──────── ENTRIES PROVIDED ────────

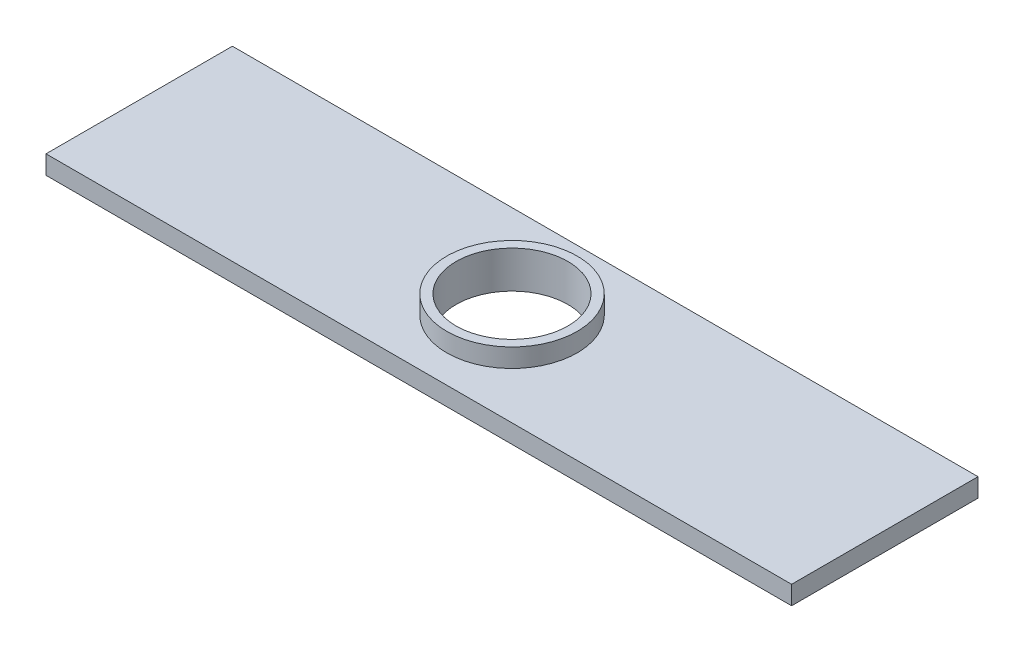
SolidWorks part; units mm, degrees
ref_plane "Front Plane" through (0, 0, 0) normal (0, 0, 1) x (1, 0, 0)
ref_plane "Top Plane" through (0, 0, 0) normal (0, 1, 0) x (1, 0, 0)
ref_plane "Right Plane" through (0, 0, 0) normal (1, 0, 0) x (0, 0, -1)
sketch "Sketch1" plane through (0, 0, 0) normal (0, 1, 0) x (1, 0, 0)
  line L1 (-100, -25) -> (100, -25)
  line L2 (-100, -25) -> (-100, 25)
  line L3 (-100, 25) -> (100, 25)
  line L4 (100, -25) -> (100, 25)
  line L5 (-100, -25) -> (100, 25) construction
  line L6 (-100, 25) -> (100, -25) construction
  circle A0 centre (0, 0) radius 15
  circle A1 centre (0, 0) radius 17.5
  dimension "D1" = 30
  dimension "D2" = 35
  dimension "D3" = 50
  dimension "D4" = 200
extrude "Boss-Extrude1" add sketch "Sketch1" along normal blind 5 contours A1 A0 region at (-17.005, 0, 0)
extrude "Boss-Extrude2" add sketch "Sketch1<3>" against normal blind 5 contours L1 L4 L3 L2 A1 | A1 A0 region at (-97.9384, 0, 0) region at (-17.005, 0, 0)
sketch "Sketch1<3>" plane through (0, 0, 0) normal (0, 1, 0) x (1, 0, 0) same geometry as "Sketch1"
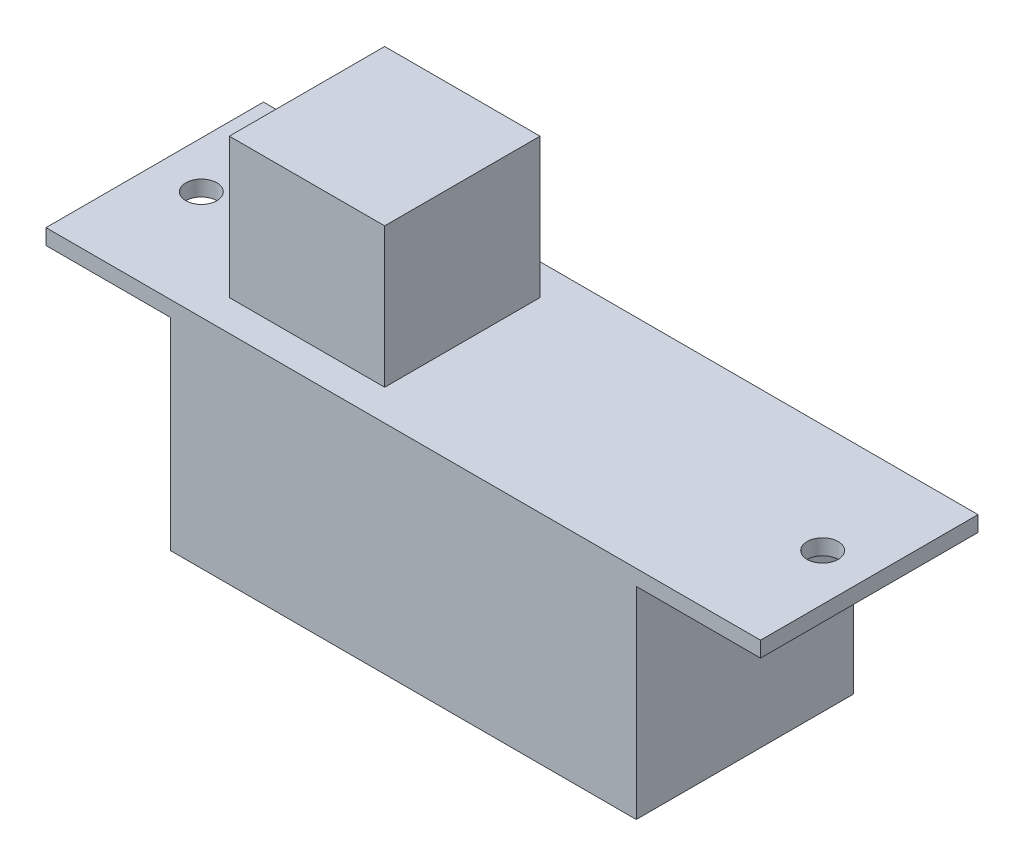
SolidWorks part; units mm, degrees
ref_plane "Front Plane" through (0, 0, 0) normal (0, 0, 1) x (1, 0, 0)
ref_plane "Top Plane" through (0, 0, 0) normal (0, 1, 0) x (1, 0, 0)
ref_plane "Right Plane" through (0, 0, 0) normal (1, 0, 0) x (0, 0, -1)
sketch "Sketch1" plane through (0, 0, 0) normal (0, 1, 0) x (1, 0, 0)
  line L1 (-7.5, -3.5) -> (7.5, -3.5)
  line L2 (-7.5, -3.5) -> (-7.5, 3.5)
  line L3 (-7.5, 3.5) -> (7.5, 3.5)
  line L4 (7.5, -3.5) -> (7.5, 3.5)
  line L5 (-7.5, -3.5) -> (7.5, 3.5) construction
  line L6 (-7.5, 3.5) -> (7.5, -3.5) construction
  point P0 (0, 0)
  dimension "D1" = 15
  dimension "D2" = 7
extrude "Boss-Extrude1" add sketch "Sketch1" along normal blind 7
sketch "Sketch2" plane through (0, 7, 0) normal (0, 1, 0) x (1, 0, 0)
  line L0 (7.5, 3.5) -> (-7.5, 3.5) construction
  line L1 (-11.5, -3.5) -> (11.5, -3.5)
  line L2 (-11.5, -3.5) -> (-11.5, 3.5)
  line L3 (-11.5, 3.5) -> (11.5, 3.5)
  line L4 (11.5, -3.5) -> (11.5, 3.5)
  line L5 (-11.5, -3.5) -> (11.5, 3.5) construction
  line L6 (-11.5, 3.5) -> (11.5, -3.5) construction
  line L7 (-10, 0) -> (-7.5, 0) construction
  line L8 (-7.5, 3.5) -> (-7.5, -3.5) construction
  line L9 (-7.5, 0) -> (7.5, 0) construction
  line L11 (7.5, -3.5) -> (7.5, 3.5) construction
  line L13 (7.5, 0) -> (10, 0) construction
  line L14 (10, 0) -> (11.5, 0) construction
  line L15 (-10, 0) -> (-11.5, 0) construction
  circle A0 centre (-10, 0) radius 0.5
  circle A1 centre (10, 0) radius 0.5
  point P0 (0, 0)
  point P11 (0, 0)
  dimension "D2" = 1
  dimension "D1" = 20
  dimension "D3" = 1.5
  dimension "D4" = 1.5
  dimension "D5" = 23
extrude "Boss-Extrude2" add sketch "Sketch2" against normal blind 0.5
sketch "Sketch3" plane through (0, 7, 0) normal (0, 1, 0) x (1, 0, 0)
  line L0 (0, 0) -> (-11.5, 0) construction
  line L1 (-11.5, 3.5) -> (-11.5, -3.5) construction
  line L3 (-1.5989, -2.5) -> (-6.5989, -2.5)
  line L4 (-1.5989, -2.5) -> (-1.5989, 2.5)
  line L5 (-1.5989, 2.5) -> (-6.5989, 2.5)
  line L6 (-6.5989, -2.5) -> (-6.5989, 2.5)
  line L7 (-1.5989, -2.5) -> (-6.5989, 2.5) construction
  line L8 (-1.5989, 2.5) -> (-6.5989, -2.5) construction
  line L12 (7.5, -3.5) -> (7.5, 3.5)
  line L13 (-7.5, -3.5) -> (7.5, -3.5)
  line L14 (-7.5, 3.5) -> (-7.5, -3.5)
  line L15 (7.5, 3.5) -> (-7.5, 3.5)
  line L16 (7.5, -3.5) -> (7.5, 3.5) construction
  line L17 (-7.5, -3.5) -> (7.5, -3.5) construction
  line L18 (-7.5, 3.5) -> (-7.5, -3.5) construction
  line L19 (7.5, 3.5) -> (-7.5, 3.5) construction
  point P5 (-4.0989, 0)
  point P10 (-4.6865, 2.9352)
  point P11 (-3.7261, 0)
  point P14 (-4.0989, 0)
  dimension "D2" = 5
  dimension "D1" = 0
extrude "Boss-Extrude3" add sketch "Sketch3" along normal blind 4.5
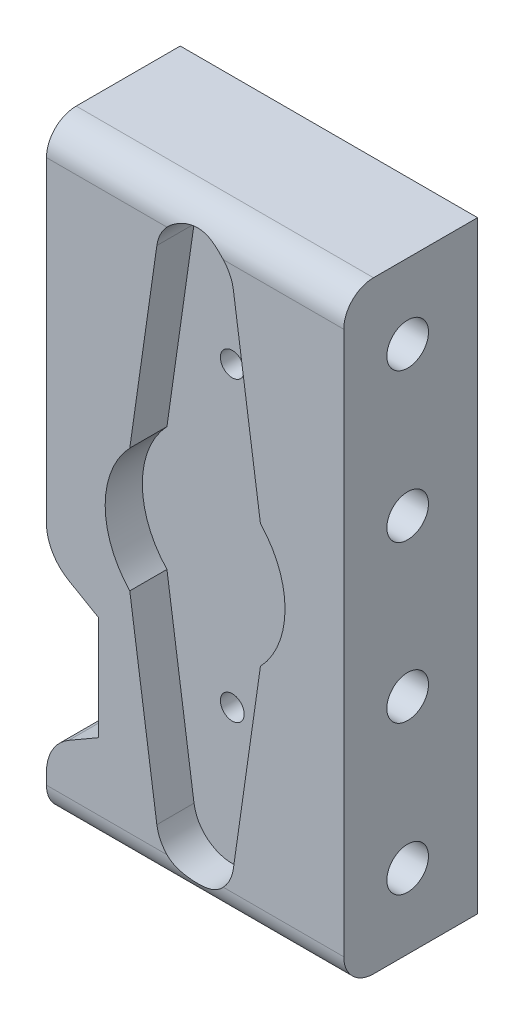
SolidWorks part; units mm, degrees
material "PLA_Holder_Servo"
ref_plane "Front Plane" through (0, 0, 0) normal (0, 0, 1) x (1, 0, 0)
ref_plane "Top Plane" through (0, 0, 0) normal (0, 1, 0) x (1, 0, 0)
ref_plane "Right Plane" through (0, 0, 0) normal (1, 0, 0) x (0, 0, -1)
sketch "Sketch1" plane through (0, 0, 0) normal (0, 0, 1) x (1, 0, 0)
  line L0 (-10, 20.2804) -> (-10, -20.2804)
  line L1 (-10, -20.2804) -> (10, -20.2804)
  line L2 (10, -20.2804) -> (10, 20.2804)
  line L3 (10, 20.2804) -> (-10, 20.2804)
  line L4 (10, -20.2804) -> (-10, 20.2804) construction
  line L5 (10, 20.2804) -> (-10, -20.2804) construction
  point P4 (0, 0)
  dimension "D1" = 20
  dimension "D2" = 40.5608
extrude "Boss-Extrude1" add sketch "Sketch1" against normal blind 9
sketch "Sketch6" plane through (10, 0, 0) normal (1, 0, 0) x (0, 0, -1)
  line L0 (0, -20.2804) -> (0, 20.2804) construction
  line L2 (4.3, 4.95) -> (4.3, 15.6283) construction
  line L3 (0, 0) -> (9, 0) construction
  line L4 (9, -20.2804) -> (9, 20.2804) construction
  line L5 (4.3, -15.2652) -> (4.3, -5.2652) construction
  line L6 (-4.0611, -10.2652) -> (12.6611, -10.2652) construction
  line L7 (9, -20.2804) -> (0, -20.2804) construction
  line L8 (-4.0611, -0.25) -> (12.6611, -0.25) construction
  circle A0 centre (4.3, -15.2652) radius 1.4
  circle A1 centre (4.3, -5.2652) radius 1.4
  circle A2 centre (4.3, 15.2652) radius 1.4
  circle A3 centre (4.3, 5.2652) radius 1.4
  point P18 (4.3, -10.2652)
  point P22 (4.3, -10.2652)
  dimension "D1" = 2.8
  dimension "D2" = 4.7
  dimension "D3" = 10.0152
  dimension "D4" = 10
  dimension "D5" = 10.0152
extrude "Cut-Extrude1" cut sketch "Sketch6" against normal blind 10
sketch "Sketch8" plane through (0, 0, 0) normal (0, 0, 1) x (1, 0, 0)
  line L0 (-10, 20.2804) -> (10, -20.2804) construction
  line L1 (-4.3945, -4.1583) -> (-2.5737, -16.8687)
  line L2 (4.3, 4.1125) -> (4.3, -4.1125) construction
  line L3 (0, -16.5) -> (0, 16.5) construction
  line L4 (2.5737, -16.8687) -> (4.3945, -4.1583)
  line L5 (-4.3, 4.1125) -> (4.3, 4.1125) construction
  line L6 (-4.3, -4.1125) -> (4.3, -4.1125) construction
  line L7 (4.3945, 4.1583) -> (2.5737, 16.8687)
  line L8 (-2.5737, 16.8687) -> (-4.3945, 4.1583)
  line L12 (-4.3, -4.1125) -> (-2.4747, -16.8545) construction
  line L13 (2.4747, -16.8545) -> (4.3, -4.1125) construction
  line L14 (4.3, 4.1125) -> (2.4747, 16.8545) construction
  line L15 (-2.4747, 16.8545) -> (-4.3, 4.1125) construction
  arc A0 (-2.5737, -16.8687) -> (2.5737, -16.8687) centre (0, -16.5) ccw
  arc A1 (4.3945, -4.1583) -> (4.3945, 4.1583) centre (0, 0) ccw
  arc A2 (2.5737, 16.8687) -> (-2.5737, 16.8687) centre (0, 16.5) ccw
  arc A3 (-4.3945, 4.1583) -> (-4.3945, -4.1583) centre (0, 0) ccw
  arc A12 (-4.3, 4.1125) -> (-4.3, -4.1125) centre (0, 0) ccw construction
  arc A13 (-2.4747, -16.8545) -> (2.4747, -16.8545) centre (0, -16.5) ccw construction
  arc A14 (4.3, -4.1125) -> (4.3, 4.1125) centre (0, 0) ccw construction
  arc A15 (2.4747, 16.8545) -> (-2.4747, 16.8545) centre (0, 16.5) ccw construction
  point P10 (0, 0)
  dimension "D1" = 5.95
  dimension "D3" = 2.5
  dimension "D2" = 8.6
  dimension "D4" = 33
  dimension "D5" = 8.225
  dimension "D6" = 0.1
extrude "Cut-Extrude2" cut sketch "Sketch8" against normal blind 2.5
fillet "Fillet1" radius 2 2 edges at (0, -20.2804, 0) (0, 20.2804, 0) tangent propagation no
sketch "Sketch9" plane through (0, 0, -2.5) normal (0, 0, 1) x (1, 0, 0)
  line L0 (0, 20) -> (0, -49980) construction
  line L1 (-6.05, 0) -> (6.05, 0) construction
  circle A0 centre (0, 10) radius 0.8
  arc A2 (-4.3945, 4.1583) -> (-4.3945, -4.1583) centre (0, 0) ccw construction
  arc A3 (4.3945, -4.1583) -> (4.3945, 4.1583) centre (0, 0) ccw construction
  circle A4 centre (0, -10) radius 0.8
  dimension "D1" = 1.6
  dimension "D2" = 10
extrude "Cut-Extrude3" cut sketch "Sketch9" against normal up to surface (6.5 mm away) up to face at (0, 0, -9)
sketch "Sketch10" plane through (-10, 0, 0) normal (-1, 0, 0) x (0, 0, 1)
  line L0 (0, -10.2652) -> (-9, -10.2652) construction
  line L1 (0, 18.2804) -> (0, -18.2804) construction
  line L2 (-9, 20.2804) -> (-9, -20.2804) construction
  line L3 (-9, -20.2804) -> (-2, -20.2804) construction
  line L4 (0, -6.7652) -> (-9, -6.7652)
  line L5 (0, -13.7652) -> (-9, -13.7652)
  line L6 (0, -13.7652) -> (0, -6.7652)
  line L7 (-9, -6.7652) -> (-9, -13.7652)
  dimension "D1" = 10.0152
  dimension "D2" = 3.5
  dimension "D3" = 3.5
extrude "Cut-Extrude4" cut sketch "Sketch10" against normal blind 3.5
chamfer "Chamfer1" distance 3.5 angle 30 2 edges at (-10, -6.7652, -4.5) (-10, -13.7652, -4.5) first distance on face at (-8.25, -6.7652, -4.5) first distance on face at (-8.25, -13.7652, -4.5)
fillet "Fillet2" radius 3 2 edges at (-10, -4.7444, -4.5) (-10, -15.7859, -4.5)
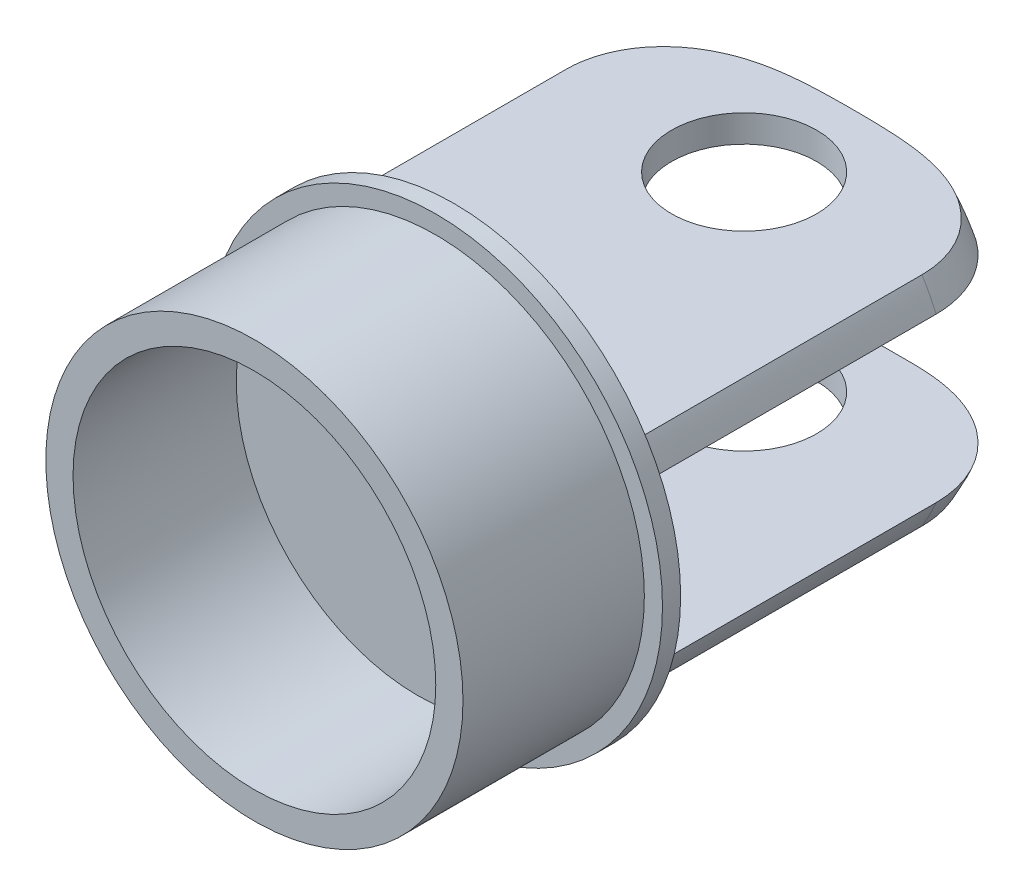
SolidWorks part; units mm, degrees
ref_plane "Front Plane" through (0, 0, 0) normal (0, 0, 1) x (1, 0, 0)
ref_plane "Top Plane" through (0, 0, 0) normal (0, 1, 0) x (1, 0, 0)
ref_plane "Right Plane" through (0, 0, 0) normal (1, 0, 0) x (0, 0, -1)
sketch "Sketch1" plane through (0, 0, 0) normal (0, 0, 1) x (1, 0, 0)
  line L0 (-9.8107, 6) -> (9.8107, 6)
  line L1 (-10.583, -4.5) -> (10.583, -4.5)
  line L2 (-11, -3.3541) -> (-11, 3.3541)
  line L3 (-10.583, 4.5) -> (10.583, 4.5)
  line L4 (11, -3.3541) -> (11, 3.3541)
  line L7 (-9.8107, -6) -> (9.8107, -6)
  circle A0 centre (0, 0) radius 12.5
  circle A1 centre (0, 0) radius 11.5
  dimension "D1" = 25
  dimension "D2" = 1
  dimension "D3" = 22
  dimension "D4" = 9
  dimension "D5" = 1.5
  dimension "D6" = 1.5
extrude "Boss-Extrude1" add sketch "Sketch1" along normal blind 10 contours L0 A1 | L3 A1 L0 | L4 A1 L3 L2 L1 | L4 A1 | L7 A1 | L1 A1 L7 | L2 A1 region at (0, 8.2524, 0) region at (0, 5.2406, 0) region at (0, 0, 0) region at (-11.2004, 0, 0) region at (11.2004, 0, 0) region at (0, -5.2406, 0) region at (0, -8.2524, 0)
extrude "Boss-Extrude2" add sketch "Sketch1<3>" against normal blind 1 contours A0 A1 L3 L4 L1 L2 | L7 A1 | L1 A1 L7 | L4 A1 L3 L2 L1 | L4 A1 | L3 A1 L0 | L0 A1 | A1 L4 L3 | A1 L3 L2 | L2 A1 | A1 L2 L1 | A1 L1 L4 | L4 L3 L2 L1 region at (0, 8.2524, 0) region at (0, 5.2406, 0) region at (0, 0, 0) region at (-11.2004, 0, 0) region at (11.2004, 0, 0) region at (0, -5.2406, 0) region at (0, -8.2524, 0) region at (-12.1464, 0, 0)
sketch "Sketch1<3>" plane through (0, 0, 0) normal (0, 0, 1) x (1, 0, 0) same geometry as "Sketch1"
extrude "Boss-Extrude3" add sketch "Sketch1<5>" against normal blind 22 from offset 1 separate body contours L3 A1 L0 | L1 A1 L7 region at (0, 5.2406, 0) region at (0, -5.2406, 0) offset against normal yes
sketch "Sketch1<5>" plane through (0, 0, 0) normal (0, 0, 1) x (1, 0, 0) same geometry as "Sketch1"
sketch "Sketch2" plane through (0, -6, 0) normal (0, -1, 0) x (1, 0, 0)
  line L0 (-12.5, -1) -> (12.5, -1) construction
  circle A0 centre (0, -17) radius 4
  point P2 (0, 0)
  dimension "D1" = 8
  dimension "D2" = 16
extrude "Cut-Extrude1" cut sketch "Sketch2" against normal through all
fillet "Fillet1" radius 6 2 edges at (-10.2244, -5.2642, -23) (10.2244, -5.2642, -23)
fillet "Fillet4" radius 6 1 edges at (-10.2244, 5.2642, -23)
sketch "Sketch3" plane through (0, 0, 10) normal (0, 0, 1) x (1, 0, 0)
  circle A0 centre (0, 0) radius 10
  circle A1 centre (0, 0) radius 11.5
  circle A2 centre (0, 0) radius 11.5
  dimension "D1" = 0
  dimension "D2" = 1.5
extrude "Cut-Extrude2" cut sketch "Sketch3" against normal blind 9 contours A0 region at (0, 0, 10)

────────

> EXERCISE REQUIREMENTS
From the first line through the line with "line L1 (-100, -25) -> (100, -25)", output those lines of the entries above exactly, and nothing else, with the pictures left out.

> TASK SOLUTION
SolidWorks part; units mm, degrees
ref_plane "Front Plane" through (0, 0, 0) normal (0, 0, 1) x (1, 0, 0)
ref_plane "Top Plane" through (0, 0, 0) normal (0, 1, 0) x (1, 0, 0)
ref_plane "Right Plane" through (0, 0, 0) normal (1, 0, 0) x (0, 0, -1)
sketch "Sketch1" plane through (0, 0, 0) normal (0, 1, 0) x (1, 0, 0)
  line L1 (-100, -25) -> (100, -25)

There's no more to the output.